信息时间:2025-08-22阅读次数:

令狐楚:秋风走马出咸阳

              

秋风走马出咸阳

 

令狐楚(766年-837年),字悫士,号白云孺子 ,咸阳(今陕西咸阳)人,中唐文学家。令狐楚郡望敦煌,为初唐史学家令狐德棻之后,敦煌令狐氏应该在北周令狐整时就已移居咸阳了(令狐整、令狐德棻生平,已见前文发布)。令狐楚家世儒学,祖父令狐崇亮,曾任昌明县令;父亲令狐承简,任太原府功曹。这些都是较低级别的官职,不过其家学基础为令狐楚提供了优良的早年教育。

 

令狐楚自幼跟随父亲迁居太原。太原是唐政权的龙兴之地,当时亦称“北京”,号为重镇。令狐楚父亲终老于太原,他自己成长于太原、第一次任官也在太原,所以,他几乎视太原为故乡。令狐楚五岁能文,二十六岁中进士(贞元七年(791年)),第五名及第,优异的成绩说明他完全是同龄人中的翘楚。

 

中进士之后,在等待吏部铨选之时,桂管观察使王拱就向令狐楚抛来了橄榄枝,邀请他入幕。令狐楚不愿就职于遥远的南方,以父老为由拒绝,但为了表达谢意,他专程前往桂林。

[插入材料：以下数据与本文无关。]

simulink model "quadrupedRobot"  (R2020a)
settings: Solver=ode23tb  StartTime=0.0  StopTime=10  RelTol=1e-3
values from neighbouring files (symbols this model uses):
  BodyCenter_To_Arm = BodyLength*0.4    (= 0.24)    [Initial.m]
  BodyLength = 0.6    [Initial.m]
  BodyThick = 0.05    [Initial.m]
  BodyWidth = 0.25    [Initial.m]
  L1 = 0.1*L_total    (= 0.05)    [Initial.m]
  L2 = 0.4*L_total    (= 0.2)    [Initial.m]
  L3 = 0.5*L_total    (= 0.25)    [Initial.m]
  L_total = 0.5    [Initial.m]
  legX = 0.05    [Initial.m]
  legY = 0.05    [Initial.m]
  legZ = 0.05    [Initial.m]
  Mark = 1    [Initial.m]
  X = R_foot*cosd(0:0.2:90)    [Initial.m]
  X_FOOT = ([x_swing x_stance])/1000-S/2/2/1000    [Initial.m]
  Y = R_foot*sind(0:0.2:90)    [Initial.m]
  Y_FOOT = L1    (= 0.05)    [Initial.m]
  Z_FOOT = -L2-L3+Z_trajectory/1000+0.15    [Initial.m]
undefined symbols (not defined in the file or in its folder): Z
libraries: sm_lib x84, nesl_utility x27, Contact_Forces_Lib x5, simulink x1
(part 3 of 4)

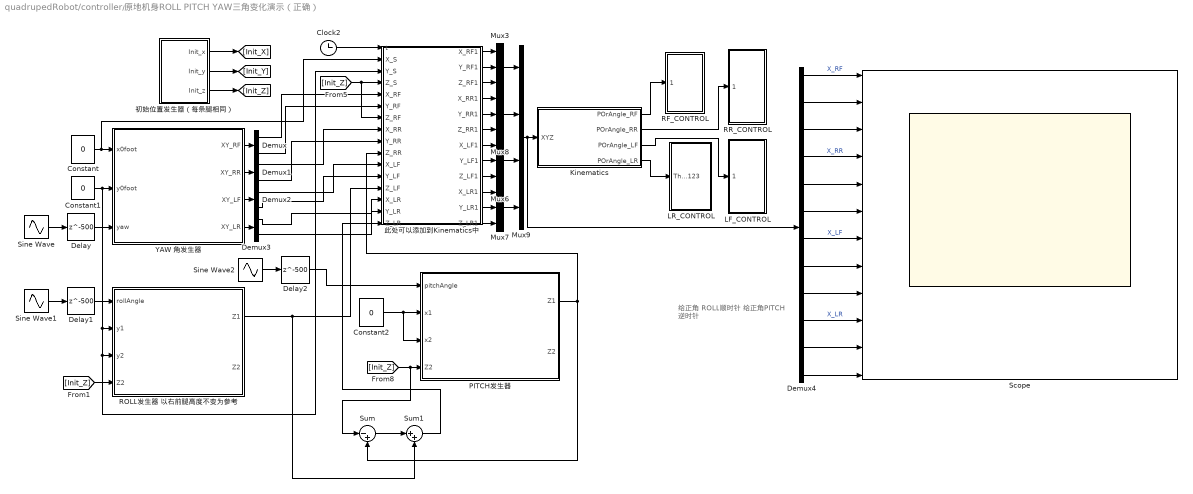
== system quadrupedRobot/controller/原地机身ROLL PITCH YAW三角变化演示（正确） ==
  note: 给正角 ROLL顺时针
      | 给正角PITCH 逆时针
  Clock2 : Clock
  Constant : Constant  Value=0
  Constant1 : Constant  Value=0
  Constant2 : Constant  Value=0
  Delay : Delay  DelayLength=500
  Delay1 : Delay  DelayLength=500
  Delay2 : Delay  DelayLength=500
  Demux{,1..3} (4 alike) : Demux  Outputs=2
  Demux4 : Demux  Outputs=12
  Kinematics : MATLAB Function  TreatAsAtomicUnit=on  mask{L1=L1, L2=L2, L3=L3, Mark=Mark}
  LF_CONTROL : Subsystem
  LR_CONTROL : Subsystem
  Mux{3,6..8} (4 alike) : Mux  Inputs=3
  Mux9 : Mux
  PITCH发生器 : MATLAB Function  TreatAsAtomicUnit=on
  RF_CONTROL : Subsystem
  ROLL发生器 以右前腿高度不变为参考 : MATLAB Function  TreatAsAtomicUnit=on
  RR_CONTROL : Subsystem
  Scope : Scope  NumInputPorts=12
  Sine Wave : Sin  Amplitude=8  Frequency=pi  SampleTime=0.001
  Sine Wave1 : Sin  Amplitude=8  Frequency=pi  SampleTime=0.001
  Sine Wave2 : Sin  Amplitude=8  Frequency=pi  SampleTime=0.001
  Sum : Sum  Inputs=|-+
  Sum1 : Sum  Inputs=|++
  YAW 角发生器 : MATLAB Function  TreatAsAtomicUnit=on
  初始位置发生器（每条腿相同） : Subsystem
  此处可以添加到Kinematics中 : Stateflow chart  TreatAsAtomicUnit=on
      settings: PortSchema="{\"entries\":[{\"content\":{\"sides\":[{\"content\":{\"connectorIds\":[\"In1\",\"In2\",\"In3\",\"In4\",\"In5\",\"In6\",\"In7\",\"In8\",\"In10\",\"In9\",\"In13\",\"In11\",\"In12\",\"In14\",\"In16\",\"In15\"]},\"type\":\"ConnectorPlacement.EquallySpacedRectSide\",\"uuid\":\"7e0be487-f0c2-4d3b-b1b4-d322333b651b\"},{\"content\":{\"connectorIds\":[\"Out11\",\"Out10\",\"Out9\",\"Out8\",\"Out6\",\"Out7\",\"Out3\",\"Out5\",\"Out4\",\"Out2\",\"Out12\",\"Out1\"],\"side\":\"RIGHT\"},\"type\":\"ConnectorPlacement.EquallySpacedRectSide\",\"uuid\":\"6febfd21-5bc4-4276-a755-f652306f84c9\"},{\"content\":{\"connectorIds\":[],\"side\":\"TOP\"},\"type\":\"ConnectorPlacement.EquallySpacedRectSide\",\"uuid\":\"b76ed853-f51f-41fe-9baf-83456c98e48b\"}]},\"type\":\"ConnectorPlacement.EquallySpacedConnector\",\"uuid\":\"3d522894-fd20-4e97-8ed2-383d7ec977f7\"}],\"packageUris\":[\"http://schema.mathworks.com/mf0/Connector/19700101\"],\"version\":\"1.0\"}"
  wires:
  Delay/1 -> YAW 角发生器/3(yaw)
  Demux3/2 -> 此处可以添加到Kinematics中/16(Y_LR)
  Demux3/1 -> 此处可以添加到Kinematics中/14(X_LR)
  YAW 角发生器/4(XY_LR) -> Demux3/1
  Demux2/2 -> 此处可以添加到Kinematics中/11(Y_LF)
  Demux2/1 -> 此处可以添加到Kinematics中/13(X_LF)
  YAW 角发生器/3(XY_LF) -> Demux2/1
  Demux1/1 -> 此处可以添加到Kinematics中/8(X_RR)
  YAW 角发生器/2(XY_RR) -> Demux1/1
  Demux/2 -> 此处可以添加到Kinematics中/6(Y_RF)
  Demux/1 -> 此处可以添加到Kinematics中/5(X_RF)
  YAW 角发生器/1(XY_RF) -> Demux/1
  Sine Wave/1 -> Delay/1
  初始位置发生器（每条腿相同）/1(Init_x) -> [Init_X]
  初始位置发生器（每条腿相同）/2(Init_y) -> [Init_Y]
  初始位置发生器（每条腿相同）/3(Init_z) -> [Init_Z]
  Constant/1 -> 此处可以添加到Kinematics中/2(X_S), YAW 角发生器/1(x0foot)
  [Init_Z] -> 此处可以添加到Kinematics中/7(Z_RF), 此处可以添加到Kinematics中/4(Z_S)
  Clock2/1 -> 此处可以添加到Kinematics中/1(t)
  此处可以添加到Kinematics中/11(X_RF1) -> Mux3/1
  此处可以添加到Kinematics中/10(Y_RF1) -> Mux3/2
  此处可以添加到Kinematics中/9(Z_RF1) -> Mux3/3
  此处可以添加到Kinematics中/8(X_RR1) -> Mux8/1
  此处可以添加到Kinematics中/6(Y_RR1) -> Mux8/2
  此处可以添加到Kinematics中/7(Z_RR1) -> Mux8/3
  此处可以添加到Kinematics中/3(X_LF1) -> Mux6/1
  此处可以添加到Kinematics中/5(Y_LF1) -> Mux6/2
  此处可以添加到Kinematics中/4(Z_LF1) -> Mux6/3
  此处可以添加到Kinematics中/2(X_LR1) -> Mux7/1
  此处可以添加到Kinematics中/12(Y_LR1) -> Mux7/2
  此处可以添加到Kinematics中/1(Z_LR1) -> Mux7/3
  Mux3/1 -> Mux9/1
  Mux8/1 -> Mux9/2
  Mux6/1 -> Mux9/3
  Mux7/1 -> Mux9/4
  Mux9/1 -> Demux4/1, Kinematics/1(XYZ)
  Kinematics/1(POrAngle_RF) -> RF_CONTROL/1(Theta123)
  Kinematics/2(POrAngle_RR) -> RR_CONTROL/1(Theta123)
  Kinematics/3(POrAngle_LF) -> LF_CONTROL/1(Theta123)
  Kinematics/4(POrAngle_LR) -> LR_CONTROL/1(Theta123)
  Sine Wave1/1 -> Delay1/1
  Delay1/1 -> ROLL发生器 以右前腿高度不变为参考/1(rollAngle)
  [Init_Z] -> ROLL发生器 以右前腿高度不变为参考/4("Z2 ")
  Constant1/1 -> ROLL发生器 以右前腿高度不变为参考/3(y2), 此处可以添加到Kinematics中/3(Y_S), ROLL发生器 以右前腿高度不变为参考/2(y1), YAW 角发生器/2(y0foot)
  ROLL发生器 以右前腿高度不变为参考/1(Z1) -> Sum1/2, 此处可以添加到Kinematics中/12(Z_LF)
  Constant2/1 -> PITCH发生器/2(x1), PITCH发生器/3(x2)
  PITCH发生器/1(Z1) -> Sum/2, 此处可以添加到Kinematics中/9(Z_RR)
  Sum/1 -> Sum1/1
  [Init_Z] -> Sum/1, PITCH发生器/4("Z2 ")
  Sum1/1 -> 此处可以添加到Kinematics中/15(Z_LR)
  Sine Wave2/1 -> Delay2/1
  Delay2/1 -> PITCH发生器/1(pitchAngle)
  Demux1/2 -> 此处可以添加到Kinematics中/10(Y_RR)
  Demux4/1 -> Scope/1  "X_RF"
  Demux4/2 -> Scope/2
  Demux4/3 -> Scope/3
  Demux4/4 -> Scope/4  "X_RR"
  Demux4/5 -> Scope/5
  Demux4/6 -> Scope/6
  Demux4/7 -> Scope/7  "X_LF"
  Demux4/8 -> Scope/8
  Demux4/9 -> Scope/9
  Demux4/10 -> Scope/10  "X_LR"
  Demux4/11 -> Scope/11
  Demux4/12 -> Scope/12

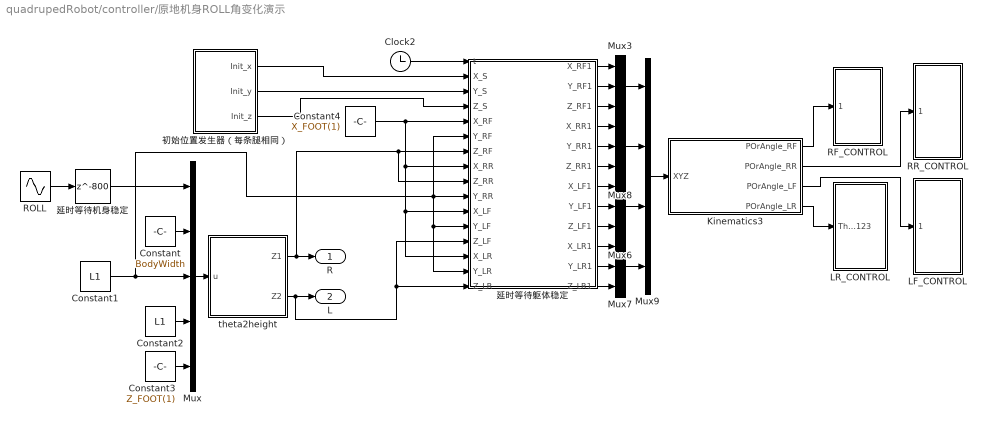
== system quadrupedRobot/controller/原地机身ROLL角变化演示 ==
  Clock2 : Clock
  Constant : Constant  Value=BodyWidth
  Constant1 : Constant  Value=L1
  Constant2 : Constant  Value=L1
  Constant3 : Constant  Value=Z_FOOT(1)
  Constant4 : Constant  Value=X_FOOT(1)
  Kinematics3 : MATLAB Function  TreatAsAtomicUnit=on  mask{L1=L1, L2=L2, L3=L3, Mark=Mark}
  LF_CONTROL : Subsystem
  LR_CONTROL : Subsystem
  Mux : Mux  Inputs=5
  Mux{3,6..8} (4 alike) : Mux  Inputs=3
  Mux9 : Mux
  RF_CONTROL : Subsystem
  ROLL : Sin  Amplitude=5  Frequency=3*pi  SampleTime=0.001
  RR_CONTROL : Subsystem
  theta2height : MATLAB Function  TreatAsAtomicUnit=on
  初始位置发生器（每条腿相同） : Subsystem
  延时等待机身稳定 : Delay  DelayLength=800
  延时等待躯体稳定 : Stateflow chart  TreatAsAtomicUnit=on
      settings: PortSchema="{\"entries\":[{\"content\":{\"sides\":[{\"content\":{\"connectorIds\":[\"In1\",\"In2\",\"In3\",\"In4\",\"In5\",\"In6\",\"In7\",\"In8\",\"In9\",\"In10\",\"In13\",\"In11\",\"In12\",\"In14\",\"In16\",\"In15\"]},\"type\":\"ConnectorPlacement.EquallySpacedRectSide\",\"uuid\":\"7e0be487-f0c2-4d3b-b1b4-d322333b651b\"},{\"content\":{\"connectorIds\":[\"Out11\",\"Out10\",\"Out9\",\"Out8\",\"Out6\",\"Out7\",\"Out3\",\"Out5\",\"Out4\",\"Out2\",\"Out12\",\"Out1\"],\"side\":\"RIGHT\"},\"type\":\"ConnectorPlacement.EquallySpacedRectSide\",\"uuid\":\"6febfd21-5bc4-4276-a755-f652306f84c9\"},{\"content\":{\"connectorIds\":[],\"side\":\"TOP\"},\"type\":\"ConnectorPlacement.EquallySpacedRectSide\",\"uuid\":\"b76ed853-f51f-41fe-9baf-83456c98e48b\"}]},\"type\":\"ConnectorPlacement.EquallySpacedConnector\",\"uuid\":\"3d522894-fd20-4e97-8ed2-383d7ec977f7\"}],\"packageUris\":[\"http://schema.mathworks.com/mf0/Connector/19700101\"],\"version\":\"1.0\"}"
  R : Outport
  L : Outport  Port=2
  wires:
  theta2height/2(Z2) -> 延时等待躯体稳定/12(Z_LF), 延时等待躯体稳定/15(Z_LR), L/1
  Mux/1 -> theta2height/1(u)
  ROLL/1 -> 延时等待机身稳定/1
  theta2height/1(Z1) -> 延时等待躯体稳定/9(Z_RR), 延时等待躯体稳定/7(Z_RF), R/1
  Kinematics3/3(POrAngle_LF) -> LF_CONTROL/1(Theta123)
  Kinematics3/2(POrAngle_RR) -> RR_CONTROL/1(Theta123)
  Mux8/1 -> Mux9/2
  延时等待躯体稳定/5(Y_LF1) -> Mux6/2
  Mux9/1 -> Kinematics3/1(XYZ)
  延时等待躯体稳定/1(Z_LR1) -> Mux7/3
  延时等待躯体稳定/11(X_RF1) -> Mux3/1
  延时等待躯体稳定/3(X_LF1) -> Mux6/1
  延时等待躯体稳定/6(Y_RR1) -> Mux8/2
  延时等待躯体稳定/2(X_LR1) -> Mux7/1
  延时等待躯体稳定/10(Y_RF1) -> Mux3/2
  延时等待躯体稳定/12(Y_LR1) -> Mux7/2
  Mux3/1 -> Mux9/1
  延时等待躯体稳定/9(Z_RF1) -> Mux3/3
  延时等待躯体稳定/7(Z_RR1) -> Mux8/3
  延时等待躯体稳定/4(Z_LF1) -> Mux6/3
  Kinematics3/1(POrAngle_RF) -> RF_CONTROL/1(Theta123)
  延时等待躯体稳定/8(X_RR1) -> Mux8/1
  初始位置发生器（每条腿相同）/2(Init_y) -> 延时等待躯体稳定/3(Y_S)
  Mux6/1 -> Mux9/3
  初始位置发生器（每条腿相同）/3(Init_z) -> 延时等待躯体稳定/4(Z_S)
  Clock2/1 -> 延时等待躯体稳定/1(t)
  Mux7/1 -> Mux9/4
  Kinematics3/4(POrAngle_LR) -> LR_CONTROL/1(Theta123)
  初始位置发生器（每条腿相同）/1(Init_x) -> 延时等待躯体稳定/2(X_S)
  Constant/1 -> Mux/2
  Constant1/1 -> Mux/3, 延时等待躯体稳定/6(Y_RF), 延时等待躯体稳定/11(Y_LF), 延时等待躯体稳定/16(Y_LR), 延时等待躯体稳定/10(Y_RR)
  Constant2/1 -> Mux/4
  Constant3/1 -> Mux/5
  Constant4/1 -> 延时等待躯体稳定/14(X_LR), 延时等待躯体稳定/13(X_LF), 延时等待躯体稳定/8(X_RR), 延时等待躯体稳定/5(X_RF)
  延时等待机身稳定/1 -> Mux/1

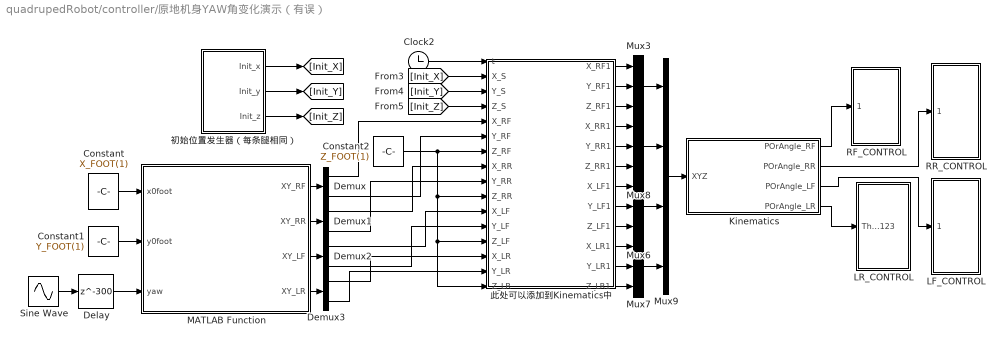
== system quadrupedRobot/controller/原地机身YAW角变化演示（有误） ==
  Clock2 : Clock
  Constant : Constant  Value=X_FOOT(1)
  Constant1 : Constant  Value=Y_FOOT(1)
  Constant2 : Constant  Value=Z_FOOT(1)
  Delay : Delay  DelayLength=300
  Demux{,1..3} (4 alike) : Demux  Outputs=2
  Kinematics : MATLAB Function  TreatAsAtomicUnit=on  mask{L1=L1, L2=L2, L3=L3, Mark=Mark}
  LF_CONTROL : Subsystem
  LR_CONTROL : Subsystem
  MATLAB Function : MATLAB Function  TreatAsAtomicUnit=on
  Mux{3,6..8} (4 alike) : Mux  Inputs=3
  Mux9 : Mux
  RF_CONTROL : Subsystem
  RR_CONTROL : Subsystem
  Sine Wave : Sin  Amplitude=10  Frequency=2*pi  SampleTime=0.001
  初始位置发生器（每条腿相同） : Subsystem
  此处可以添加到Kinematics中 : Stateflow chart  TreatAsAtomicUnit=on
      settings: PortSchema="{\"entries\":[{\"content\":{\"sides\":[{\"content\":{\"connectorIds\":[\"In1\",\"In2\",\"In3\",\"In4\",\"In5\",\"In6\",\"In7\",\"In8\",\"In10\",\"In9\",\"In13\",\"In11\",\"In12\",\"In14\",\"In16\",\"In15\"]},\"type\":\"ConnectorPlacement.EquallySpacedRectSide\",\"uuid\":\"7e0be487-f0c2-4d3b-b1b4-d322333b651b\"},{\"content\":{\"connectorIds\":[\"Out11\",\"Out10\",\"Out9\",\"Out8\",\"Out6\",\"Out7\",\"Out3\",\"Out5\",\"Out4\",\"Out2\",\"Out12\",\"Out1\"],\"side\":\"RIGHT\"},\"type\":\"ConnectorPlacement.EquallySpacedRectSide\",\"uuid\":\"6febfd21-5bc4-4276-a755-f652306f84c9\"},{\"content\":{\"connectorIds\":[],\"side\":\"TOP\"},\"type\":\"ConnectorPlacement.EquallySpacedRectSide\",\"uuid\":\"b76ed853-f51f-41fe-9baf-83456c98e48b\"}]},\"type\":\"ConnectorPlacement.EquallySpacedConnector\",\"uuid\":\"3d522894-fd20-4e97-8ed2-383d7ec977f7\"}],\"packageUris\":[\"http://schema.mathworks.com/mf0/Connector/19700101\"],\"version\":\"1.0\"}"
  wires:
  Kinematics/4(POrAngle_LR) -> LR_CONTROL/1(Theta123)
  Kinematics/3(POrAngle_LF) -> LF_CONTROL/1(Theta123)
  Kinematics/2(POrAngle_RR) -> RR_CONTROL/1(Theta123)
  Kinematics/1(POrAngle_RF) -> RF_CONTROL/1(Theta123)
  Mux9/1 -> Kinematics/1(XYZ)
  Mux7/1 -> Mux9/4
  Mux6/1 -> Mux9/3
  Mux8/1 -> Mux9/2
  Mux3/1 -> Mux9/1
  此处可以添加到Kinematics中/1(Z_LR1) -> Mux7/3
  此处可以添加到Kinematics中/12(Y_LR1) -> Mux7/2
  此处可以添加到Kinematics中/2(X_LR1) -> Mux7/1
  此处可以添加到Kinematics中/4(Z_LF1) -> Mux6/3
  此处可以添加到Kinematics中/5(Y_LF1) -> Mux6/2
  此处可以添加到Kinematics中/3(X_LF1) -> Mux6/1
  此处可以添加到Kinematics中/7(Z_RR1) -> Mux8/3
  此处可以添加到Kinematics中/6(Y_RR1) -> Mux8/2
  此处可以添加到Kinematics中/8(X_RR1) -> Mux8/1
  此处可以添加到Kinematics中/9(Z_RF1) -> Mux3/3
  此处可以添加到Kinematics中/10(Y_RF1) -> Mux3/2
  此处可以添加到Kinematics中/11(X_RF1) -> Mux3/1
  Clock2/1 -> 此处可以添加到Kinematics中/1(t)
  [Init_Z] -> 此处可以添加到Kinematics中/4(Z_S)
  [Init_Y] -> 此处可以添加到Kinematics中/3(Y_S)
  [Init_X] -> 此处可以添加到Kinematics中/2(X_S)
  初始位置发生器（每条腿相同）/3(Init_z) -> [Init_Z]
  初始位置发生器（每条腿相同）/2(Init_y) -> [Init_Y]
  初始位置发生器（每条腿相同）/1(Init_x) -> [Init_X]
  ? -> ?
  Constant/1 -> MATLAB Function/1(x0foot)
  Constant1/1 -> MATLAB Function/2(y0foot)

这一行为,既反映出令狐楚性格中稳重、重情的一面,也能说明他知情达变,具有官场生存的深厚潜力,他后来官居宰相,也当与此有关。

 

此后,令狐楚在太原的河东节度使幕府度过了十五年光阴。河东节度使历经李自良、李说、郑儋、严绶四任,令狐楚也从掌书记升职为节度判官,成为河东府的重要领导人。这期间,令狐楚文名大噪,他为河东节度府起草的奏折,赢得了爱好文义的唐德宗的高度赏识,最后居然到了每当太原奏折来,唐德宗即能辨识出令狐楚手笔的地步。这显然为后来令狐楚的迁升铺垫了重要阶梯。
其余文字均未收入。